PN: We think what's important about natural language is the mapping of words onto the concepts that users are looking for. But we don't think it's a big advance to be able to type something as a question as opposed to keywords. Typing "What is the capital of France?" won't get you better results than typing "capital of France." But understanding how words go together is important. To give some examples, "New York" is different from "York," but "Vegas" is the same as "Las Vegas," and "Jersey" may or may not be the same as "New Jersey." That's a natural-language aspect that we're focusing on. Most of what we do is at the word and phrase level; we're not concentrating on the sentence. We think it's important to get the right results rather than change the interface."

Apparently, Peter Norvig thinks that typing complete questions will just be a change in interface. I seriously doubt it. These days, I hardly use single keyword searches. I like Powerset and really wish that I could google something much more intelligent than a few keywords. But if the director of research at Google doesn't think that this will bring any big advancement to search, then maybe it is just me. I am sure Peter has substantial data to back his comments but I for one would like to type in a question ( and not something as simple as "Who is the 44th president of USA") and expect a relevant answer.

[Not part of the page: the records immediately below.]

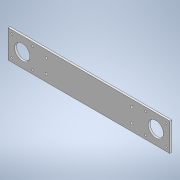
# Autodesk Inventor part: chapa lateral
Saved by Autodesk Inventor 2021 (Build 250183000, 183)
## iProperties
Created: 2022-05-03
Part Number: chapa lateral
Material: Genérico
Document SubType Name: Modeling
Designer: 21155308
Density: 1 g/cm^3
Appearance: Padrão
Author: 21155308
Autodesk Inventor part; units mm, degrees
ref_plane "YZ Plane" through (0, 0, 0) normal (1, 0, 0) x (0, 1, 0)
ref_plane "XZ Plane" through (0, 0, 0) normal (0, 1, 0) x (-1, 0, 0)
ref_plane "XY Plane" through (0, 0, 0) normal (0, 0, 1) x (1, 0, 0)
sketch "Esboço1" plane through (0, 0, 0) normal (0, 0, 1) x (1, 0, 0)
  line L0 (-121, -21) -> (121, -21)
  line L1 (121, -21) -> (121, 21)
  line L2 (121, 21) -> (-121, 21)
  line L3 (-121, 21) -> (-121, -21)
  line L4 (-121, -21) -> (121, 21) construction
  line L5 (121, -21) -> (-121, 21) construction
  point P0 (0, 0)
  dimension "d0" = 242
  dimension "d1" = 42
  constraints: 12 end point, 2 midpoint, 2 parallel, 1 horizontal, 1 perpendicular
  measures "d0" distance of L1.end L2.end
  measures "d1" distance of L2.end L0.start
extrude "Extrusão1" add sketch "Esboço1" along normal blind 3
sketch "Esboço2" plane through (0, 0, 3) normal (0, 0, 1) x (1, 0, 0)
  line L0 (121, 21) -> (-121, 21) projected
  line L1 (-121, 21) -> (-79, 21)
  line L2 (-79, 21) -> (-79, -21)
  line L3 (-79, -21) -> (-121, -21)
  line L4 (-121, -21) -> (-121, 21)
  line L5 (-115.5, -15.5) -> (-84.5, -15.5)
  line L6 (-84.5, -15.5) -> (-84.5, 15.5)
  line L7 (-84.5, 15.5) -> (-115.5, 15.5)
  line L8 (-115.5, 15.5) -> (-115.5, -15.5)
  line L9 (-115.5, -15.5) -> (-84.5, 15.5) construction
  line L10 (-84.5, -15.5) -> (-115.5, 15.5) construction
  point P0 (0, 0)
  point P1 (-100, 0)
  point P2 (-100, 21)
  point P3 (-100, 15.5)
  point P4 (-121, 0)
  point P5 (-115.5, 0)
  dimension "d4" = 42
  dimension "d5" = 42
  dimension "d6" = 31
  dimension "d7" = 31
  constraints: 20 end point, 6 midpoint, 4 parallel, 2 horizontal, 2 perpendicular, 1 horizontal alignment, 1 vertical alignment
  measures "d4" distance of L2.end L3.end
  measures "d5" distance of L1.end L2.end
  measures "d6" distance of L7.end L6.end
  measures "d7" distance of L6.end L5.end
hole "Furo1" at (-115.5, 15.5, 3) at (-84.5, 15.5, 3) at (-84.5, -15.5, 3) at (-115.5, -15.5, 3) direction (0, 0, -1) diameter 3 end through all
hole "Furo2" at (-100, 0, 3) direction (0, 0, -1) diameter 23 end through all
mirror "Espelhamento1" about plane through (0, 0, 0) normal (1, 0, 0) of "Furo1", "Furo2"
sketch "Esboço3" plane through (0, 0, 3) normal (0, 0, 1) x (1, 0, 0)
  circle A0 centre (64, 10.5) radius 1.621 projected
  circle A1 centre (64, -10.5) radius 1.621 projected
  circle A2 centre (-64, 10.5) radius 1.621 projected
  circle A3 centre (-64, -10.5) radius 1.621 projected
  point P0 (0, 0)
hole "Furo3" at (64, -10.5, 3) at (64, 10.5, 3) at (-64, 10.5, 3) at (-64, -10.5, 3) direction (0, 0, -1) diameter 4 end through all

But thats just me... The interview was conducted in 2008, here is hoping that during this time Peter has given a second thought to some serious NLP usage for search.

Sunday, February 17, 2008

IR or Spam Filter

I haven't been updating my blog lately. The commencement of the spring 2008 semester has to do something with that but the real reason is that I have been busy researching some interesting topics for my AI project.

Last semester I wanted to create an Image Spam Filter for my "Data mining & Pattern Recognition" class. My theory was to apply OCR techniques to capture text from the image, after which it really becomes a text spam-filter problem. I was thinking of using Neural Networks for Image Text recognition and Bayes' Theorem for spam-filtering. But my idea was unanimously rejected by my group and instead we developed a Handwriting Recognition system (which was still a better project to work on than our previous plan to tell time by reading an image of analogue clock.)

So now I have a chance to have another go at my Image Spam Filter project. But I am still debating about it. The reason is that I am also fond of Information Retrieval problems. I am thinking of working on a Search engine and automatic indexing of a technical book/manual. Since this is an individual project I can do whatever I want (Of course my professor has to approve it.)

If I think about it, I find both, IR and Spam Filter, interesting. So it is not a clash of interest but more of what will I gain from them and what I want to do in future.

While I try to analyze this, feel free to give me your suggestions. Maybe you can give me an insight which may eventually help me reach a decision.